- [Aim of the exercise] Determine how many lines in the listing below contain the word "UNSPECIFIED", then state that number by itself.

**********

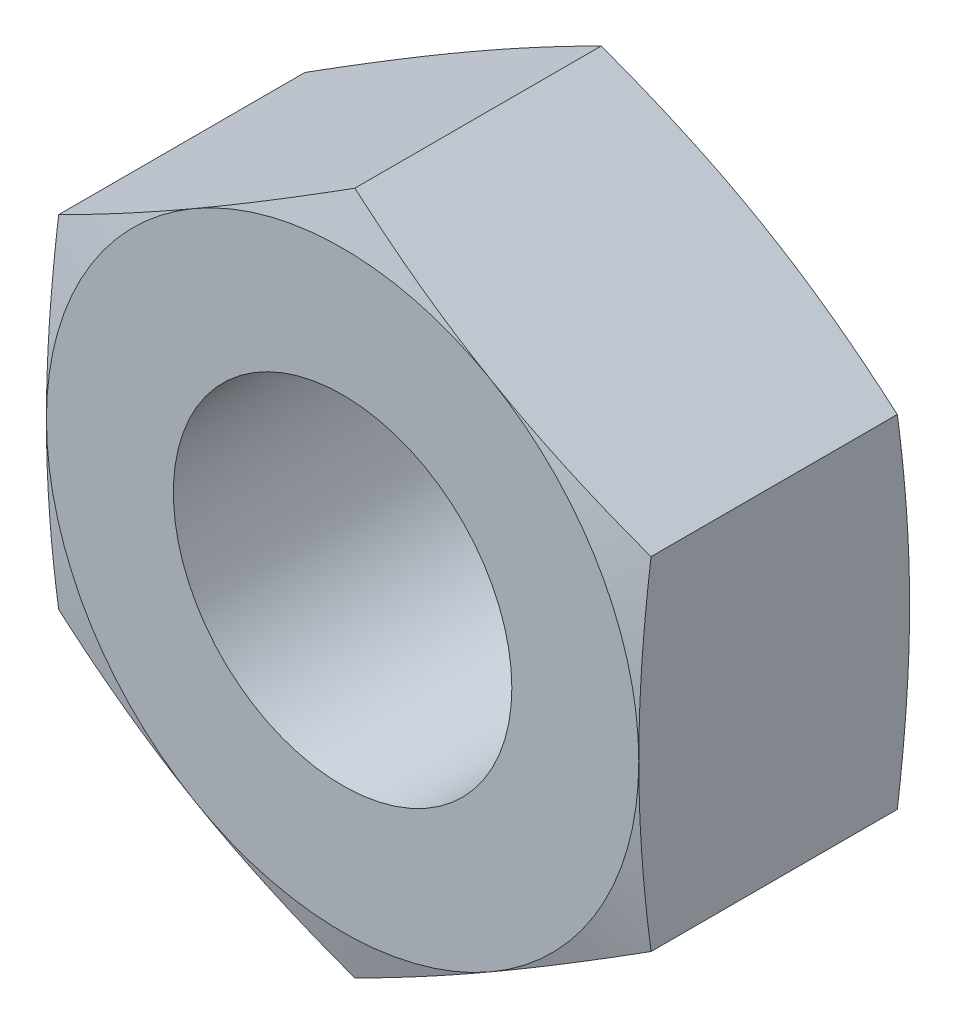
ISO-10303-21;
HEADER;
FILE_DESCRIPTION(('STEP AP214'),'2;1');
FILE_NAME('part.step','',(''),(''),'','','');
FILE_SCHEMA(('AUTOMOTIVE_DESIGN { 1 0 10303 214 1 1 1 1 }'));
ENDSEC;
DATA;
#1=APPLICATION_CONTEXT('core data for automotive mechanical design processes');
#2=APPLICATION_PROTOCOL_DEFINITION('international standard','automotive_design',2000,#1);
#3=PRODUCT_CONTEXT('',#1,'mechanical');
#4=PRODUCT('Part','Part','',(#3));
#5=PRODUCT_RELATED_PRODUCT_CATEGORY('part','',(#4));
#6=PRODUCT_DEFINITION_FORMATION('','',#4);
#7=PRODUCT_DEFINITION_CONTEXT('part definition',#1,'design');
#8=PRODUCT_DEFINITION('design','',#6,#7);
#9=PRODUCT_DEFINITION_SHAPE('','',#8);
#10=(LENGTH_UNIT() NAMED_UNIT(*) SI_UNIT(.MILLI.,.METRE.));
#11=(NAMED_UNIT(*) PLANE_ANGLE_UNIT() SI_UNIT($,.RADIAN.));
#12=(NAMED_UNIT(*) SI_UNIT($,.STERADIAN.) SOLID_ANGLE_UNIT());
#13=UNCERTAINTY_MEASURE_WITH_UNIT(LENGTH_MEASURE(1.E-05),#10,'distance_accuracy_value','');
#14=(GEOMETRIC_REPRESENTATION_CONTEXT(3) GLOBAL_UNCERTAINTY_ASSIGNED_CONTEXT((#13)) GLOBAL_UNIT_ASSIGNED_CONTEXT((#10,
#11,#12)) REPRESENTATION_CONTEXT('',''));
#15=CARTESIAN_POINT('',(0.,0.,0.));
#16=DIRECTION('',(0.,0.,1.));
#17=DIRECTION('',(1.,0.,0.));
#18=AXIS2_PLACEMENT_3D('',#15,#16,#17);
#19=CARTESIAN_POINT('',(3.49999999999998,2.02072594216372,3.2));
#20=DIRECTION('',(-0.499999999999994,-0.866025403784442,0.));
#21=DIRECTION('',(0.866025403784442,-0.499999999999994,0.));
#22=AXIS2_PLACEMENT_3D('',#19,#20,#21);
#23=PLANE('',#22);
#24=CARTESIAN_POINT('',(-0.000200000000028189,4.04156735438122,0.145112536579482));
#25=CARTESIAN_POINT('',(0.145162765094319,3.95764212282385,0.122614406177996));
#26=CARTESIAN_POINT('',(0.290789105593145,3.87356471593575,0.102189745494033));
#27=CARTESIAN_POINT('',(0.582556123983412,3.70511294932748,0.0663054466052747));
#28=CARTESIAN_POINT('',(0.728696986526611,3.62073848299856,0.0508478254944845));
#29=CARTESIAN_POINT('',(1.02060691245242,3.45220420868618,0.0258000877464256));
#30=CARTESIAN_POINT('',(1.16637400154895,3.36804554055731,0.0161800979095289));
#31=CARTESIAN_POINT('',(1.45809408806272,3.19962087008056,0.00328066753314813));
#32=CARTESIAN_POINT('',(1.60404704403135,3.11535489166306,0.));
#33=CARTESIAN_POINT('',(1.89595295596861,2.94682293482804,0.));
#34=CARTESIAN_POINT('',(2.04190591193724,2.86255695641053,0.00328066753314751));
#35=CARTESIAN_POINT('',(2.333625998451,2.69413228593379,0.0161800979095276));
#36=CARTESIAN_POINT('',(2.47939308754754,2.60997361780492,0.0258000877464239));
#37=CARTESIAN_POINT('',(2.77130301347335,2.44143934349253,0.0508478254944822));
#38=CARTESIAN_POINT('',(2.91744387601654,2.35706487716361,0.0663054466052721));
#39=CARTESIAN_POINT('',(3.20921089440681,2.18861311055534,0.102189745494029));
#40=CARTESIAN_POINT('',(3.35483723490564,2.10453570366725,0.122614406177993));
#41=CARTESIAN_POINT('',(3.50019999999998,2.02061047210988,0.145112536579478));
#42=B_SPLINE_CURVE_WITH_KNOTS('',3,(#24,#25,#26,#27,#28,#29,#30,#31,#32,#33,#34,#35,#36,#37,#38,
#39,#40,#41),.UNSPECIFIED.,.F.,.F.,(4,2,2,2,2,2,2,2,4),(0.,0.508081243376833,1.01636855642799,
1.52203235492776,2.02759827097034,2.53316418701292,3.03882798551268,3.54711529856384,
4.05519654194067),.UNSPECIFIED.);
#43=CARTESIAN_POINT('',(0.,4.04145188432738,0.14508159514584));
#44=VERTEX_POINT('',#43);
#45=CARTESIAN_POINT('',(1.75,3.03108891324553,0.));
#46=VERTEX_POINT('',#45);
#47=EDGE_CURVE('E48',#44,#46,#42,.T.);
#48=ORIENTED_EDGE('',*,*,#47,.F.);
#49=DIRECTION('',(0.,0.,-1.));
#50=VECTOR('',#49,1.);
#51=CARTESIAN_POINT('',(0.,4.04145188432738,3.2));
#52=LINE('',#51,#50);
#53=CARTESIAN_POINT('',(0.,4.04145188432738,3.05491840485416));
#54=VERTEX_POINT('',#53);
#55=EDGE_CURVE('E163',#54,#44,#52,.T.);
#56=ORIENTED_EDGE('',*,*,#55,.F.);
#57=CARTESIAN_POINT('',(3.50019999999998,2.02061047210988,3.05488746342052));
#58=CARTESIAN_POINT('',(3.35483723490564,2.10453570366725,3.07738559382201));
#59=CARTESIAN_POINT('',(3.20921089440681,2.18861311055534,3.09781025450597));
#60=CARTESIAN_POINT('',(2.91744387601655,2.35706487716361,3.13369455339473));
#61=CARTESIAN_POINT('',(2.77130301347335,2.44143934349253,3.14915217450552));
#62=CARTESIAN_POINT('',(2.47939308754754,2.60997361780492,3.17419991225358));
#63=CARTESIAN_POINT('',(2.333625998451,2.69413228593379,3.18381990209047));
#64=CARTESIAN_POINT('',(2.04190591193724,2.86255695641053,3.19671933246685));
#65=CARTESIAN_POINT('',(1.89595295596861,2.94682293482804,3.19999999999999));
#66=CARTESIAN_POINT('',(1.60404704403135,3.11535489166306,3.19999999999999));
#67=CARTESIAN_POINT('',(1.45809408806272,3.19962087008056,3.19671933246685));
#68=CARTESIAN_POINT('',(1.16637400154895,3.36804554055731,3.18381990209047));
#69=CARTESIAN_POINT('',(1.02060691245242,3.45220420868618,3.17419991225357));
#70=CARTESIAN_POINT('',(0.728696986526611,3.62073848299856,3.14915217450552));
#71=CARTESIAN_POINT('',(0.582556123983412,3.70511294932748,3.13369455339473));
#72=CARTESIAN_POINT('',(0.290789105593145,3.87356471593575,3.09781025450597));
#73=CARTESIAN_POINT('',(0.145162765094319,3.95764212282385,3.077385593822));
#74=CARTESIAN_POINT('',(-0.000200000000028041,4.04156735438122,3.05488746342052));
#75=B_SPLINE_CURVE_WITH_KNOTS('',3,(#57,#58,#59,#60,#61,#62,#63,#64,#65,#66,#67,#68,#69,#70,#71,
#72,#73,#74),.UNSPECIFIED.,.F.,.F.,(4,2,2,2,2,2,2,2,4),(0.,0.508081243376833,1.01636855642799,
1.52203235492776,2.02759827097034,2.53316418701292,3.03882798551268,3.54711529856384,
4.05519654194067),.UNSPECIFIED.);
#76=CARTESIAN_POINT('',(1.74999999999999,3.03108891324554,3.19999999999999));
#77=VERTEX_POINT('',#76);
#78=EDGE_CURVE('E222',#77,#54,#75,.T.);
#79=ORIENTED_EDGE('',*,*,#78,.F.);
#80=CARTESIAN_POINT('',(3.49999999999998,2.02072594216384,3.05491840485441));
#81=VERTEX_POINT('',#80);
#82=EDGE_CURVE('E293',#81,#77,#75,.T.);
#83=ORIENTED_EDGE('',*,*,#82,.F.);
#84=DIRECTION('',(0.,0.,-1.));
#85=VECTOR('',#84,1.);
#86=CARTESIAN_POINT('',(3.49999999999998,2.02072594216372,3.2));
#87=LINE('',#86,#85);
#88=CARTESIAN_POINT('',(3.49999999999998,2.02072594216372,0.145081595145835));
#89=VERTEX_POINT('',#88);
#90=EDGE_CURVE('E149',#81,#89,#87,.T.);
#91=ORIENTED_EDGE('',*,*,#90,.T.);
#92=EDGE_CURVE('E142',#46,#89,#42,.T.);
#93=ORIENTED_EDGE('',*,*,#92,.F.);
#94=EDGE_LOOP('',(#48,#56,#79,#83,#91,#93));
#95=FACE_BOUND('',#94,.T.);
#96=ADVANCED_FACE('F32',(#95),#23,.F.);
#97=CARTESIAN_POINT('',(0.,4.04145188432738,3.2));
#98=DIRECTION('',(0.500000000000006,-0.866025403784435,0.));
#99=DIRECTION('',(0.866025403784435,0.500000000000006,0.));
#100=AXIS2_PLACEMENT_3D('',#97,#98,#99);
#101=PLANE('',#100);
#102=CARTESIAN_POINT('',(-3.50020000000001,2.02061047210983,0.145112536579478));
#103=CARTESIAN_POINT('',(-3.35483723490567,2.1045357036672,0.122614406177993));
#104=CARTESIAN_POINT('',(-3.20921089440684,2.1886131105553,0.102189745494029));
#105=CARTESIAN_POINT('',(-2.91744387601658,2.35706487716357,0.0663054466052721));
#106=CARTESIAN_POINT('',(-2.77130301347338,2.44143934349249,0.0508478254944823));
#107=CARTESIAN_POINT('',(-2.47939308754757,2.60997361780488,0.025800087746424));
#108=CARTESIAN_POINT('',(-2.33362599845104,2.69413228593376,0.0161800979095277));
#109=CARTESIAN_POINT('',(-2.04190591193728,2.8625569564105,0.00328066753314761));
#110=CARTESIAN_POINT('',(-1.89595295596865,2.94682293482801,0.));
#111=CARTESIAN_POINT('',(-1.60404704403139,3.11535489166303,0.));
#112=CARTESIAN_POINT('',(-1.45809408806276,3.19962087008054,0.00328066753314814));
#113=CARTESIAN_POINT('',(-1.166374001549,3.36804554055729,0.0161800979095289));
#114=CARTESIAN_POINT('',(-1.02060691245247,3.45220420868616,0.0258000877464256));
#115=CARTESIAN_POINT('',(-0.728696986526662,3.62073848299855,0.0508478254944846));
#116=CARTESIAN_POINT('',(-0.582556123983463,3.70511294932747,0.0663054466052748));
#117=CARTESIAN_POINT('',(-0.290789105593199,3.87356471593575,0.102189745494033));
#118=CARTESIAN_POINT('',(-0.145162765094374,3.95764212282385,0.122614406177997));
#119=CARTESIAN_POINT('',(0.000199999999971753,4.04156735438122,0.145112536579482));
#120=B_SPLINE_CURVE_WITH_KNOTS('',3,(#102,#103,#104,#105,#106,#107,#108,#109,#110,#111,#112,
#113,#114,#115,#116,#117,#118,#119),.UNSPECIFIED.,.F.,.F.,(4,2,2,2,2,2,2,2,4),(0.,
0.508081243376833,1.01636855642799,1.52203235492776,2.02759827097034,2.53316418701292,
3.03882798551268,3.54711529856384,4.05519654194067),.UNSPECIFIED.);
#121=CARTESIAN_POINT('',(-3.50000000000001,2.02072594216379,0.145081595145587));
#122=VERTEX_POINT('',#121);
#123=CARTESIAN_POINT('',(-1.74999999999998,3.03108891324555,0.));
#124=VERTEX_POINT('',#123);
#125=EDGE_CURVE('E55',#122,#124,#120,.T.);
#126=ORIENTED_EDGE('',*,*,#125,.F.);
#127=DIRECTION('',(0.,0.,-1.));
#128=VECTOR('',#127,1.);
#129=CARTESIAN_POINT('',(-3.50000000000001,2.02072594216367,3.2));
#130=LINE('',#129,#128);
#131=CARTESIAN_POINT('',(-3.50000000000001,2.02072594216367,3.05491840485416));
#132=VERTEX_POINT('',#131);
#133=EDGE_CURVE('E160',#132,#122,#130,.T.);
#134=ORIENTED_EDGE('',*,*,#133,.F.);
#135=CARTESIAN_POINT('',(0.000199999999971874,4.04156735438122,3.05488746342052));
#136=CARTESIAN_POINT('',(-0.145162765094374,3.95764212282385,3.077385593822));
#137=CARTESIAN_POINT('',(-0.2907891055932,3.87356471593575,3.09781025450597));
#138=CARTESIAN_POINT('',(-0.582556123983463,3.70511294932747,3.13369455339473));
#139=CARTESIAN_POINT('',(-0.728696986526662,3.62073848299855,3.14915217450552));
#140=CARTESIAN_POINT('',(-1.02060691245247,3.45220420868616,3.17419991225357));
#141=CARTESIAN_POINT('',(-1.166374001549,3.36804554055729,3.18381990209047));
#142=CARTESIAN_POINT('',(-1.45809408806277,3.19962087008054,3.19671933246685));
#143=CARTESIAN_POINT('',(-1.60404704403139,3.11535489166303,3.19999999999999));
#144=CARTESIAN_POINT('',(-1.89595295596865,2.94682293482801,3.19999999999999));
#145=CARTESIAN_POINT('',(-2.04190591193728,2.8625569564105,3.19671933246685));
#146=CARTESIAN_POINT('',(-2.33362599845104,2.69413228593376,3.18381990209047));
#147=CARTESIAN_POINT('',(-2.47939308754757,2.60997361780488,3.17419991225358));
#148=CARTESIAN_POINT('',(-2.77130301347338,2.44143934349249,3.14915217450552));
#149=CARTESIAN_POINT('',(-2.91744387601658,2.35706487716357,3.13369455339473));
#150=CARTESIAN_POINT('',(-3.20921089440684,2.1886131105553,3.09781025450597));
#151=CARTESIAN_POINT('',(-3.35483723490567,2.1045357036672,3.07738559382201));
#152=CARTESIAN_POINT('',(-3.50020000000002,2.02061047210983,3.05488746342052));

**********

- [Worked solution] 6